Chemiluminescence in white light images of the organs of interest were obtained with a bioluminescence reader. The chemiluminescence signal was predominantly observed in the kidneys following intravenous injection indicating renal elimination of the hydrophilic tris(bypiridine)ruthenium(II)cation. The signal-to-noise ratio of the imaging agent versus PBS alone was 27:1 in the kidneys and 21:1 in the liver.
Mouse popliteal lymph nodes were also evaluated with a subcutaneous injection of a more concentrated solution of the ruthenium-based imaging agent. The lymph nodes containing the imaging agent showed a significantly greater radiance than the lymph nodes containing PBS alone. Once mastered, this technique can be done in two hours if it is properly performed.

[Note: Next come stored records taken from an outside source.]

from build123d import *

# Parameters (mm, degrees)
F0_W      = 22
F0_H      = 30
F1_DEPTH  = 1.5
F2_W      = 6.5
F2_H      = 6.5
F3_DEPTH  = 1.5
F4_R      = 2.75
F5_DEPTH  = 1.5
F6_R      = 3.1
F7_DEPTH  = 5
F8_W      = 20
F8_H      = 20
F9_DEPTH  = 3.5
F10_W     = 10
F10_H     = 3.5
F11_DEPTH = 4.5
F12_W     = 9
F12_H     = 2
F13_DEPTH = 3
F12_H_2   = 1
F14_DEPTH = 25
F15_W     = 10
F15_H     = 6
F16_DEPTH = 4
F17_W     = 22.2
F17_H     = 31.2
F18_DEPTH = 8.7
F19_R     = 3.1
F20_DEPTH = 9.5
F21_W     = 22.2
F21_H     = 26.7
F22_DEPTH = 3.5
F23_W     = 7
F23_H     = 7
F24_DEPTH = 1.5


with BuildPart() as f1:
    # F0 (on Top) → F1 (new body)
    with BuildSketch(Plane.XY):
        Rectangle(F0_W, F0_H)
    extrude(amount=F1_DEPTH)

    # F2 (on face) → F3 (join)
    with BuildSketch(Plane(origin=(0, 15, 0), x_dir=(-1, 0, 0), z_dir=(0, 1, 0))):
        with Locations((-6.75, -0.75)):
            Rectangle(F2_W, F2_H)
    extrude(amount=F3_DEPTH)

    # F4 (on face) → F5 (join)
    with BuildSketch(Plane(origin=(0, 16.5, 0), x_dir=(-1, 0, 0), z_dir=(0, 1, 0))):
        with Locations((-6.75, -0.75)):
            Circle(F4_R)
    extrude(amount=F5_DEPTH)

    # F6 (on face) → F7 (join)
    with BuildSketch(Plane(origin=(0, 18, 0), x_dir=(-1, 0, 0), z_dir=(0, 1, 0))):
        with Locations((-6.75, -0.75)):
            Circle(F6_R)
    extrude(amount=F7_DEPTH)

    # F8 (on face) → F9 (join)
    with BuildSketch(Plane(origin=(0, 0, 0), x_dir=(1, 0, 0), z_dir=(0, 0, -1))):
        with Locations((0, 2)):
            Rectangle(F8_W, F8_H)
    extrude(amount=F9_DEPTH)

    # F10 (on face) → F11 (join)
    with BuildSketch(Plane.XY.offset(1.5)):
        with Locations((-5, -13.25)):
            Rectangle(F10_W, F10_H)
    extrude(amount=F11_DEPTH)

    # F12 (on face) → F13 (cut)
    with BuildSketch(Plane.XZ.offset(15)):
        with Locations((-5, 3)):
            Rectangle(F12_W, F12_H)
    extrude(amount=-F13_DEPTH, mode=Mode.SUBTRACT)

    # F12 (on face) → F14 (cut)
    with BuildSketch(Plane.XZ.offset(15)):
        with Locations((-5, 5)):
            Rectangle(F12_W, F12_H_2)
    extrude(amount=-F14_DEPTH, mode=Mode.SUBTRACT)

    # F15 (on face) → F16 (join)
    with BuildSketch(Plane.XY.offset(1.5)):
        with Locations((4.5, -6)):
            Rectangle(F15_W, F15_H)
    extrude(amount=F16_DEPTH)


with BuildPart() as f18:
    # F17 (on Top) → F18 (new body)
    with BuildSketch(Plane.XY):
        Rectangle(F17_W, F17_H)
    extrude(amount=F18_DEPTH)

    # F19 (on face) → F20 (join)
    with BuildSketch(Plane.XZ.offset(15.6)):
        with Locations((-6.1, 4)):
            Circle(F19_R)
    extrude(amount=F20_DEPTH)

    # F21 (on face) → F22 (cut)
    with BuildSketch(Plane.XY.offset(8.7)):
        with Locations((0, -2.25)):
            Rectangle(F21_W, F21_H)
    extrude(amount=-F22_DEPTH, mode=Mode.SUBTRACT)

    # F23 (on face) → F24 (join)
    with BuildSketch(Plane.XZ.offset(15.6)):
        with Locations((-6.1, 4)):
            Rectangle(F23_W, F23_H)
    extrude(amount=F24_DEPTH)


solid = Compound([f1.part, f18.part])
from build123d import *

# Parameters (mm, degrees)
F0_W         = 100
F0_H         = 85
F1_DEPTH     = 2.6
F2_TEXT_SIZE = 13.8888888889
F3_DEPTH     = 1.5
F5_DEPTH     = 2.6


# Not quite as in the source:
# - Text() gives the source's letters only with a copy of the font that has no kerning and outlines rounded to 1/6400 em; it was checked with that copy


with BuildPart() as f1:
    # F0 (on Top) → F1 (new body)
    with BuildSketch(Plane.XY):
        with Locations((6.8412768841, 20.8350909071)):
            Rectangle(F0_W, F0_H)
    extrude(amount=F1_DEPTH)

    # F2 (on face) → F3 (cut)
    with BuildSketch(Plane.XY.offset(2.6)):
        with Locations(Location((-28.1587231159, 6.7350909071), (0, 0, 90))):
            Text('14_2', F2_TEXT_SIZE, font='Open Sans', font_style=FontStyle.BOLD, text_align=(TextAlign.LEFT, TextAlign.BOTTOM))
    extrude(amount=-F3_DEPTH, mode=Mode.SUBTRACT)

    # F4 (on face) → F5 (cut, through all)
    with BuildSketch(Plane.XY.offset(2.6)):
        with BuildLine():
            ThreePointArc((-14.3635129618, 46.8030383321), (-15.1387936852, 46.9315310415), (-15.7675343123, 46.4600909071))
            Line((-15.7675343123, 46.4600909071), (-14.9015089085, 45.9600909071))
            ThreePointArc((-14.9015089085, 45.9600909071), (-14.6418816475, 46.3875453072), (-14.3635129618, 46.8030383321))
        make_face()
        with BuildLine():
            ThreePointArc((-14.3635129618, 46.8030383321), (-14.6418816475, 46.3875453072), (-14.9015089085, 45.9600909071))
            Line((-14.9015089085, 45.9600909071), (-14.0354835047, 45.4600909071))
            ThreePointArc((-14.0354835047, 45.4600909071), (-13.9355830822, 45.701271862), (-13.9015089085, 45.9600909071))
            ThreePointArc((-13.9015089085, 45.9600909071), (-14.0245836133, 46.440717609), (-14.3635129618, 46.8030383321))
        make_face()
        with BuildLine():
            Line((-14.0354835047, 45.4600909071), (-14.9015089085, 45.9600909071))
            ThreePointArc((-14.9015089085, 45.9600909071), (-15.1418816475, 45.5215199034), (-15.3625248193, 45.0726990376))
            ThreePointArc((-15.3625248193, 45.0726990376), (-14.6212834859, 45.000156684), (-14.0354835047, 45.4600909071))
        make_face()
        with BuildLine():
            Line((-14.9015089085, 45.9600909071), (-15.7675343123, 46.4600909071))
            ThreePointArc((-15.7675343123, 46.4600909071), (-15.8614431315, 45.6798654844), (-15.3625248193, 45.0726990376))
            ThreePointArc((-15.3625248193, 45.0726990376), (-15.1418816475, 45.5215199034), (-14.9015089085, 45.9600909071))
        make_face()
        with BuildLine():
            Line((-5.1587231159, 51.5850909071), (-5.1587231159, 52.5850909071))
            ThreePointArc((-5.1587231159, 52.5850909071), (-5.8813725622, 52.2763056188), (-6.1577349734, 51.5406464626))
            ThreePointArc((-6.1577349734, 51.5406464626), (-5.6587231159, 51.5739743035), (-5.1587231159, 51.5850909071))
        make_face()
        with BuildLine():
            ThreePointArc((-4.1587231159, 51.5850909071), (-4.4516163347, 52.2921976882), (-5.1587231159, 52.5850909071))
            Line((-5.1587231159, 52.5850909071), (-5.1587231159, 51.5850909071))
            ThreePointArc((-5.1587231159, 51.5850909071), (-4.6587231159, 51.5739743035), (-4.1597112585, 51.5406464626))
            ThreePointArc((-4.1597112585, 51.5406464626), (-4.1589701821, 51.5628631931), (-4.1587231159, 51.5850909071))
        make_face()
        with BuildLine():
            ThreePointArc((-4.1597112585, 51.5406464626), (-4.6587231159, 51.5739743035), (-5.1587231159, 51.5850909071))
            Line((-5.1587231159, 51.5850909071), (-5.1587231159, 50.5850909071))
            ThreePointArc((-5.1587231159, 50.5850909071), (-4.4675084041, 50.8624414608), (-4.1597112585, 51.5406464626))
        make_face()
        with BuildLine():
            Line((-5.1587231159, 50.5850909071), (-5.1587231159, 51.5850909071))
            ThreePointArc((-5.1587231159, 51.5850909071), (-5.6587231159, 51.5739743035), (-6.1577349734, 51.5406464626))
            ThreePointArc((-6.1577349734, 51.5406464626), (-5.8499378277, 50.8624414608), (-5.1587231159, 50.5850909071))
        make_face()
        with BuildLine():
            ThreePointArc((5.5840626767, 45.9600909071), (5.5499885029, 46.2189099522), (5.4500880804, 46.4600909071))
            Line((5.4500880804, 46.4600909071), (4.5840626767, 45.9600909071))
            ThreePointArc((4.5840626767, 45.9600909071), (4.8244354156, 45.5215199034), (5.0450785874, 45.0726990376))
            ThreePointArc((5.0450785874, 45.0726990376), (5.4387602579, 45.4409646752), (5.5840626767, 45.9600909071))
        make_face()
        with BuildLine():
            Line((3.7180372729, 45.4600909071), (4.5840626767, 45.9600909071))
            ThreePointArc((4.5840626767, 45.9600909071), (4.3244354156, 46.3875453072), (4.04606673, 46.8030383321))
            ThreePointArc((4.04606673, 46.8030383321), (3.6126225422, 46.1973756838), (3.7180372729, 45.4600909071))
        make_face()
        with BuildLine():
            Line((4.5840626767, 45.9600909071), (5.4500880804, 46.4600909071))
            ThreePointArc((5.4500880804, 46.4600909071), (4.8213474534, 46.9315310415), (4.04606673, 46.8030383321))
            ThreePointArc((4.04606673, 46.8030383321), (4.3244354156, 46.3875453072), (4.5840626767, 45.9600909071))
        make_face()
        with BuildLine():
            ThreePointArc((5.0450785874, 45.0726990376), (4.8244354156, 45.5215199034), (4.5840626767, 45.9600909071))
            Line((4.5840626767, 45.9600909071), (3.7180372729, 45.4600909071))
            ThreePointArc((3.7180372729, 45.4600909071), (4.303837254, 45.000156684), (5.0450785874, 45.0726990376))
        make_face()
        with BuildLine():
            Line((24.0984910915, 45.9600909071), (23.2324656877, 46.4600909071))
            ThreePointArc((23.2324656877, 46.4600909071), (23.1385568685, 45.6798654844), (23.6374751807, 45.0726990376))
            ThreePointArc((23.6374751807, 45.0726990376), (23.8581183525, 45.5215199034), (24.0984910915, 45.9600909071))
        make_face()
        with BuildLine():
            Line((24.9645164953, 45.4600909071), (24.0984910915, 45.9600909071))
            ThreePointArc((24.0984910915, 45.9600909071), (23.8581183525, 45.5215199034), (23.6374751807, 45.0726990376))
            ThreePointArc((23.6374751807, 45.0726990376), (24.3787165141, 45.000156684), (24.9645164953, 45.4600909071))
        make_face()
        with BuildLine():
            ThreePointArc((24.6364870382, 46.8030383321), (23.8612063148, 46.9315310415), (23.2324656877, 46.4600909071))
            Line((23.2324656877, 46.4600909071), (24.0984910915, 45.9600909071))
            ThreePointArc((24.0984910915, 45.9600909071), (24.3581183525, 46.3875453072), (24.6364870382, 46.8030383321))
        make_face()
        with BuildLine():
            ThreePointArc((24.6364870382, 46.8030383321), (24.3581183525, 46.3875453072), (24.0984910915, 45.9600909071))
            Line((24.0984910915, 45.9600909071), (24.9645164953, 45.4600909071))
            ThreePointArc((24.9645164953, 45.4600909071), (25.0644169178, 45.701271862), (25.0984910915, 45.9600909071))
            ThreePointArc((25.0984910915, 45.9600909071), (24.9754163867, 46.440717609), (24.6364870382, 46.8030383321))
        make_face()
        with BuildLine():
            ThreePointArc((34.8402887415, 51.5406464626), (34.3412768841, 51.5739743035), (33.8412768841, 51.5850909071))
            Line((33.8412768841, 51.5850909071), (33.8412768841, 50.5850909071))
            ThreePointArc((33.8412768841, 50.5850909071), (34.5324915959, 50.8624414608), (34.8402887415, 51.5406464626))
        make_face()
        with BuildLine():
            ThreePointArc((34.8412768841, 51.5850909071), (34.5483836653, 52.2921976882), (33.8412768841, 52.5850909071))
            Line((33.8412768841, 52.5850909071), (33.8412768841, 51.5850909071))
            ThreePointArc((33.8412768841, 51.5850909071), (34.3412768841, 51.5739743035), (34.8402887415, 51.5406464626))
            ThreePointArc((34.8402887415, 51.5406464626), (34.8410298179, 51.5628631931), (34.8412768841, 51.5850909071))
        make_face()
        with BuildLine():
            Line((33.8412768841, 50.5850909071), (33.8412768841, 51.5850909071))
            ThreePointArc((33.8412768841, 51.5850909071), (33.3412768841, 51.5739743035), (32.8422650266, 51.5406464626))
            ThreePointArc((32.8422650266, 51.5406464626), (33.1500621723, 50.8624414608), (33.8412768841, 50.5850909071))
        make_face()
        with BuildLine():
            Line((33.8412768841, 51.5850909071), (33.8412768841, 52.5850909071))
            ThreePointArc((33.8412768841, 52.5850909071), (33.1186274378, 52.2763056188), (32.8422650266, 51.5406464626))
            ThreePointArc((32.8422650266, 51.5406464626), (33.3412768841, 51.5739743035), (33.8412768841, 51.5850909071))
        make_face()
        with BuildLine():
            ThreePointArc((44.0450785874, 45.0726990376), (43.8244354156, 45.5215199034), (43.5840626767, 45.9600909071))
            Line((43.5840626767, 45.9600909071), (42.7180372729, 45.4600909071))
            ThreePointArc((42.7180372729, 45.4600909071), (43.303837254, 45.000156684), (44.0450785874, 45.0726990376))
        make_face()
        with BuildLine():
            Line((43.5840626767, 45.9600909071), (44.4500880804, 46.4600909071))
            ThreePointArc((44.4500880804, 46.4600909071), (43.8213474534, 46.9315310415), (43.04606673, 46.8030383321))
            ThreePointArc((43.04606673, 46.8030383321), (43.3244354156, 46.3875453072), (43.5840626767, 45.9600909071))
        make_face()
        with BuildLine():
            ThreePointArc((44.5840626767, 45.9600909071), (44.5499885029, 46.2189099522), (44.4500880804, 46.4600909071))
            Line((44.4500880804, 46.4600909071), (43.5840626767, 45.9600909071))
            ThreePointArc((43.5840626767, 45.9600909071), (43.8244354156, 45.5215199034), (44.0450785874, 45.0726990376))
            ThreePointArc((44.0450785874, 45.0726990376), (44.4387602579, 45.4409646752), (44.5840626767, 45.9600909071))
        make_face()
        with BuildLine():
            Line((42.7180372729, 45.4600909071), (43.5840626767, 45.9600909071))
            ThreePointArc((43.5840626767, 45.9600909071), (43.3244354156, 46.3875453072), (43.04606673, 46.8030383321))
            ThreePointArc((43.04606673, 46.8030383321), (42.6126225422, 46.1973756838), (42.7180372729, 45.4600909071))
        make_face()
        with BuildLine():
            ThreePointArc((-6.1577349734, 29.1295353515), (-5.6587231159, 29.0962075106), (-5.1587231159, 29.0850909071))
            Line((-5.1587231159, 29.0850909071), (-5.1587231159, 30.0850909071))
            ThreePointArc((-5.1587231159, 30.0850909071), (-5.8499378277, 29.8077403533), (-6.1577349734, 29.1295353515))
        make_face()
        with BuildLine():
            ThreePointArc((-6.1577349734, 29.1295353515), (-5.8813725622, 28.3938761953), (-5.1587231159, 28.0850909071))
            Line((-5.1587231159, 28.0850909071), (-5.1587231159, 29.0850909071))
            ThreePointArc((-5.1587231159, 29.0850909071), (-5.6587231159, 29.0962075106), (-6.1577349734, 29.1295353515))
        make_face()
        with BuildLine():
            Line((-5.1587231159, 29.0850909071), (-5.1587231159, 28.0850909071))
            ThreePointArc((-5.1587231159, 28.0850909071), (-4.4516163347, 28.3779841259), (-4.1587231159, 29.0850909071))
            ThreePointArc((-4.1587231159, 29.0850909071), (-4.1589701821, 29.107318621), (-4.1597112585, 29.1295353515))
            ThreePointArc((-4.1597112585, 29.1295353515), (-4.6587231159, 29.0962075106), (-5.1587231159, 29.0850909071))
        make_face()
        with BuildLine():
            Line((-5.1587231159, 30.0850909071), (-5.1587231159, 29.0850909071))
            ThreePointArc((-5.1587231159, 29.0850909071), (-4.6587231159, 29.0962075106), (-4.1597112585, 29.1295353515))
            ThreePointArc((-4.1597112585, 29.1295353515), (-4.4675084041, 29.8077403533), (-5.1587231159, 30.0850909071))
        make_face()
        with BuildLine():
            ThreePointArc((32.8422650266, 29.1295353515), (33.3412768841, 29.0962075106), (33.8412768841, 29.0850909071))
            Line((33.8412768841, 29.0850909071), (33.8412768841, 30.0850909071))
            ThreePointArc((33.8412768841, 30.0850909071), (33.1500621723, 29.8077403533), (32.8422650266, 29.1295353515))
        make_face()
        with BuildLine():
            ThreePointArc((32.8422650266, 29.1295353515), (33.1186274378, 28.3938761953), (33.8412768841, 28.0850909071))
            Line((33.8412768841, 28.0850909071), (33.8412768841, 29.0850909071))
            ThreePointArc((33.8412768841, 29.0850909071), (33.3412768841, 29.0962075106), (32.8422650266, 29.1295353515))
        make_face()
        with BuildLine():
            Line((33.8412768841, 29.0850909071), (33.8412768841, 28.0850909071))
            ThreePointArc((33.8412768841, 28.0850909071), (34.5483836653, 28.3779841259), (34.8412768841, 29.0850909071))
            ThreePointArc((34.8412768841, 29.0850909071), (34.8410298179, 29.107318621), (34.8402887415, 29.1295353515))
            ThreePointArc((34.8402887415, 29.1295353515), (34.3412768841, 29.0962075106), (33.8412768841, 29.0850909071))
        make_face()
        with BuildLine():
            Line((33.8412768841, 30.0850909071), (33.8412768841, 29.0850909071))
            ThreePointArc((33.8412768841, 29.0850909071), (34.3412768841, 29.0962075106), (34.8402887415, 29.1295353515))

While attempting this procedure, it's important to remember to exclude ambient light and to avoid contamination with ruthenium tris bpy. After its development, this technique will pave the way for researchers in the field of biomolecular imaging to explore disease states such as cancer in mice. Though this method can provide insight into questions that were not accessible by traditional optical imaging techniques, any question that could be investigated with traditional techniques potentially can be addressed with chemiluminescence.